Fasted morning cardio is a popular weight-loss recommendation, but not necessarily the best option.

I’ve done fasted morning cardio, and I understand why it’s a thing. It feels like such a virtuous act: You’re making yourself suffer, and it’s hard, but it’s also not impossible. You finish your morning jog with an empty stomach, then reward yourself with, hopefully, a nice breakfast. But is there a point to the suffering?

Every now and then a study pops up and points to fasted exercise, or lately, morning exercise as a fat-burning secret. The most recent one to hit the headlines was done in mice, and found more signs of fat-burning in samples taken from mice after they had been made to run on a treadmill in the “morning,” versus mice who had their exercise bout in the “evening.” The study found fasting didn’t make a difference for the mice, only time of day.

(Fun fact about rodent studies on circadian rhythms: mice are active at night and sleep during the day, so the results are always reversed when we describe how they might apply to humans. The “morning” exercise was done in what, to us, would be the evening.)

For humans, exercising in the morning and exercising on an empty stomach often go together, and fasted morning cardio is an increasingly popular weight-loss recommendation. But is it actually any more effective? Personally, these days I like to sleep in, and I’m not going back to that morning exercise routine just because of a few extra metabolites in a few rodents’ fat deposits—but let’s talk about whether this and other supposedly fat-burning forms of exercise actually mean anything in the big picture.

Fat burning during exercise doesn’t matter as much as you think it does

If you want to lose weight, fat burning is good, right? But just because you are burning fat does not mean you are losing fat overall. I like to think of fat as a wallet: You can take some energy out of there and “spend” it, but later in the day you might end up putting more money (or energy) back in. What matters is the number you have in your bank account at the end of the day, or the week, or the month.

In the same way, it really doesn’t matter what fuel you are burning during your exercise. Whether you burn fat from low-intensity fasted morning cardio or carbs from HIIT in the evening after chugging a Gatorade, your body will settle the balance one way or another. Burn more calories than you eat, and you’ll have to lose that energy from somewhere—hopefully fat. Eat more than you burn, and it’s the opposite.

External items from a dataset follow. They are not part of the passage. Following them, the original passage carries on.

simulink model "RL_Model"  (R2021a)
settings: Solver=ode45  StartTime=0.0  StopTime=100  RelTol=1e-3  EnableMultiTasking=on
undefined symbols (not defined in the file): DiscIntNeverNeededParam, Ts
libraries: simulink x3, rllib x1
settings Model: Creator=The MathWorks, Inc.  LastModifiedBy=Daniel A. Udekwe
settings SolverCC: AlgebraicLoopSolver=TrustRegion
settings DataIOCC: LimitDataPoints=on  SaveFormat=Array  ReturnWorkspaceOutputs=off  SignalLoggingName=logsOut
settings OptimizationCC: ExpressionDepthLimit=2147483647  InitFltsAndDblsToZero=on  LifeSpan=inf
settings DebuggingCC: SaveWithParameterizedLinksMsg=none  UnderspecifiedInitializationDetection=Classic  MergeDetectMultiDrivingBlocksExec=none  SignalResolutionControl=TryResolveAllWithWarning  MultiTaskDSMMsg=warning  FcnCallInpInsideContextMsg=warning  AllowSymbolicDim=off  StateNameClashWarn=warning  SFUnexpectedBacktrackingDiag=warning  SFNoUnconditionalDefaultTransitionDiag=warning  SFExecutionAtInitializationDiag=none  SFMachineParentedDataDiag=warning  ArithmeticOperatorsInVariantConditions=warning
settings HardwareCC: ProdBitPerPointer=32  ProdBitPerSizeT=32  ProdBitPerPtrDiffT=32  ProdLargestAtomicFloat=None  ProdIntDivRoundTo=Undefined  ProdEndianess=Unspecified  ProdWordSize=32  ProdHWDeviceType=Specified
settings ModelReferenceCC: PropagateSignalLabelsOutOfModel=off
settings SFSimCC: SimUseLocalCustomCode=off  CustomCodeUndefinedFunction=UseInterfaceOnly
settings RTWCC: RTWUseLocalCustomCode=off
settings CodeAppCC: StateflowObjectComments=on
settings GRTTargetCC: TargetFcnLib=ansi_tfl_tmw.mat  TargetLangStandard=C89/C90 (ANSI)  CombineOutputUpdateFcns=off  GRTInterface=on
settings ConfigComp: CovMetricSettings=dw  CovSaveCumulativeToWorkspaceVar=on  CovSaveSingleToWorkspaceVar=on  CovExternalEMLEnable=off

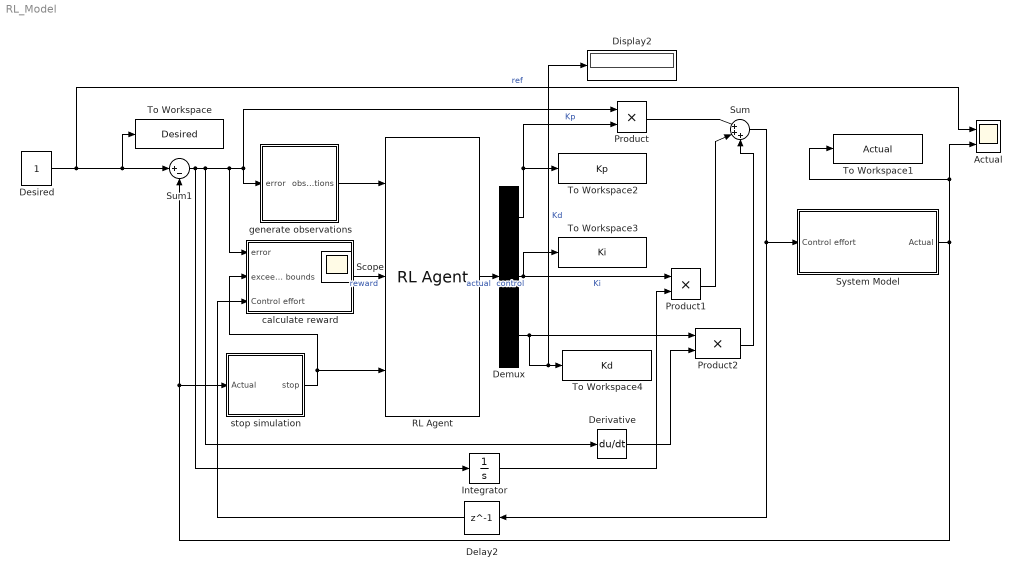
== system RL_Model ==
  Actual : Scope  NumInputPorts=2
  Delay2 : Delay  DelayLength=1
  Demux : Demux  Outputs=3
  Derivative : Derivative  CoefficientInTFapproximation=0
  Desired : Constant
  Display2 : Display
  Integrator : Integrator
  Product : Product
  Product1 : Product
  Product2 : Product
  RL Agent : rllib/RL Agent  Agent=agent  ExternalActionAsInput=off  ProvideCumRwd=off  TreatAsDirectFeedthrough=on
  Sum : Sum  Inputs=|+++
  Sum1 : Sum  Inputs=|+-  SaturateOnIntegerOverflow=on
  System Model : Subsystem
  To Workspace : ToWorkspace  VariableName=Desired  SampleTime=-1
  To Workspace1 : ToWorkspace  VariableName=Actual  SampleTime=-1
  To Workspace2 : ToWorkspace  VariableName=Kp  SaveFormat=Structure With Time  SampleTime=-1
  To Workspace3 : ToWorkspace  VariableName=Ki  SaveFormat=Structure With Time  SampleTime=-1
  To Workspace4 : ToWorkspace  VariableName=Kd  SaveFormat=Structure With Time  SampleTime=-1
  calculate reward : Subsystem
  generate observations : Subsystem
  stop simulation : Subsystem
  Scope : Scope
  wires:
  Sum1/1 -> generate observations/1(error), Product/1, calculate reward/1(error), Derivative/1, Integrator/1
  stop simulation/1(stop) -> RL Agent/3, calculate reward/2(exceeds bounds)
  calculate reward/1(reward) -> RL Agent/2  "reward"
  generate observations/1(observations) -> RL Agent/1
  System Model/1(Actual) -> Actual/2, To Workspace1/1, stop simulation/1(Actual), Sum1/2
  RL Agent/1 -> Demux/1  "actual  control"
  Demux/1 -> Product/2, To Workspace2/1  "Kp"
  Product/1 -> Sum/1
  Integrator/1 -> Product1/2
  Product1/1 -> Sum/2
  Demux/2 -> To Workspace3/1, Product1/1  "Ki"
  Demux/3 -> Product2/1, Display2/1, To Workspace4/1  "Kd"
  Derivative/1 -> Product2/2
  Product2/1 -> Sum/3
  Desired/1 -> Actual/1, To Workspace/1, Sum1/1  "ref"
  Sum/1 -> Delay2/1, System Model/1(Control effort)
  Delay2/1 -> calculate reward/3(Control effort)

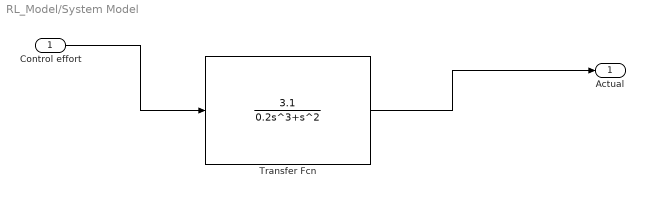
== system RL_Model/System Model ==
  Control effort : Inport
  Transfer Fcn : TransferFcn  Numerator=[3.1]  Denominator=[0.2 1 0 0]
  Actual : Outport  VectorParamsAs1DForOutWhenUnconnected=off
  wires:
  Transfer Fcn/1 -> Actual/1
  Control effort/1 -> Transfer Fcn/1

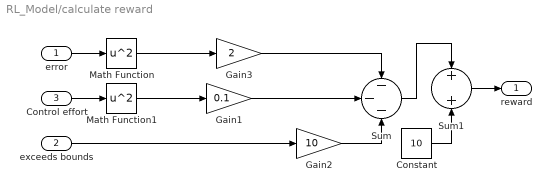
== system RL_Model/calculate reward ==
  error : Inport
  exceeds bounds : Inport  Port=2
  Control effort : Inport  Port=3
  Constant : Constant  Value=10
  Gain1 : Gain  Gain=0.1
  Gain2 : Gain  Gain=10
  Gain3 : Gain  Gain=2
  Math Function : Math  Operator=square  SaturateOnIntegerOverflow=on
  Math Function1 : Math  Operator=square  SaturateOnIntegerOverflow=on
  Sum : Sum  Inputs=---  OutDataTypeStr=double
  Sum1 : Sum  OutDataTypeStr=double
  reward : Outport  VectorParamsAs1DForOutWhenUnconnected=off
  wires:
  exceeds bounds/1 -> Gain2/1
  error/1 -> Math Function/1
  Math Function/1 -> Gain3/1
  Gain3/1 -> Sum/1
  Sum/1 -> Sum1/1
  Constant/1 -> Sum1/2
  Sum1/1 -> reward/1
  Math Function1/1 -> Gain1/1
  Gain2/1 -> Sum/3
  Control effort/1 -> Math Function1/1
  Gain1/1 -> Sum/2

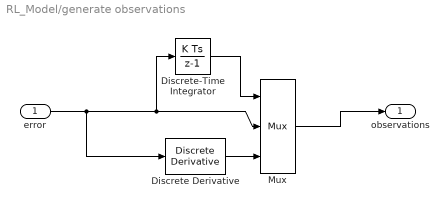
== system RL_Model/generate observations ==
  error : Inport
  Discrete Derivative : simulink/Discrete/Discrete Derivative  gainval=1.0  ICPrevScaledInput=0.0  OutMin=[]  OutMax=[]  OutDataType=fixdt(1, 16)  OutScaling=2^-10  DoSatur=off
  Discrete-Time Integrator : DiscreteIntegrator  SampleTime=Ts  ICPrevOutput=DiscIntNeverNeededParam  ICPrevScaledInput=DiscIntNeverNeededParam
  Mux : Mux  Inputs=3
  observations : Outport  VectorParamsAs1DForOutWhenUnconnected=off
  wires:
  Discrete-Time Integrator/1 -> Mux/1
  error/1 -> Discrete Derivative/1, Discrete-Time Integrator/1, Mux/2
  Mux/1 -> observations/1
  Discrete Derivative/1 -> Mux/3

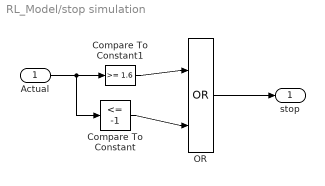
== system RL_Model/stop simulation ==
  Actual : Inport
  Compare To Constant : simulink/Logic and Bit Operations/Compare To Constant  relop=<=  const=-1  OutDataTypeStr=boolean
  Compare To Constant1 : simulink/Logic and Bit Operations/Compare To Constant  relop=>=  const=1.6  OutDataTypeStr=boolean
  OR : Logic  Operator=OR  IconShape=distinctive  AllPortsSameDT=off  OutDataTypeStr=boolean
  stop : Outport  VectorParamsAs1DForOutWhenUnconnected=off
  wires:
  Actual/1 -> Compare To Constant/1, Compare To Constant1/1
  Compare To Constant/1 -> OR/2
  Compare To Constant1/1 -> OR/1
  OR/1 -> stop/1

Scientific studies that look at whether fasted cardio causes overall fat loss tend not to find a significant difference between training with and training without food. This study, for example, found no difference between groups of people who showed up fasted and were given a shake before or after their morning run.

Looking at the bigger picture, this review concludes that, “no conclusive evidence exists on the superiority of fasted versus fed cardio to improve body composition” and cautions that doing too much fasted cardio—say, over an hour—may actually cause the body to eat into muscle stores for fuel. So if you got really into fasted cardio, the strategy could backfire.

Fasted morning cardio has downsides

If you train early and don’t always have time to eat, that’s probably okay—you’re not going to kill your gains. But if you’re able to eat first, chances are you’ll have a better workout.

Low intensity cardio (zone 2 on a five-zone scale) tends to use mainly fat for energy, so you may not even notice a difference doing it with or without a good pre-workout meal. Even if it’s tough to get through an easy morning jog the first time you try it fasted, your body can adapt a bit over time. Plenty of folks have a habit of going for a run before breakfast, and that’s fine—maybe not optimal, but fine.

But once you’re doing higher intensity work, you’ll probably miss those carbs. Having glycogen in your muscles or the products of carb breakdown in your veins (aka blood sugar) will make you feel less fatigued and will enable you to work harder. Ultimately, if you’ll get a better workout with food than without, why wouldn’t you give yourself enough fuel for that workout?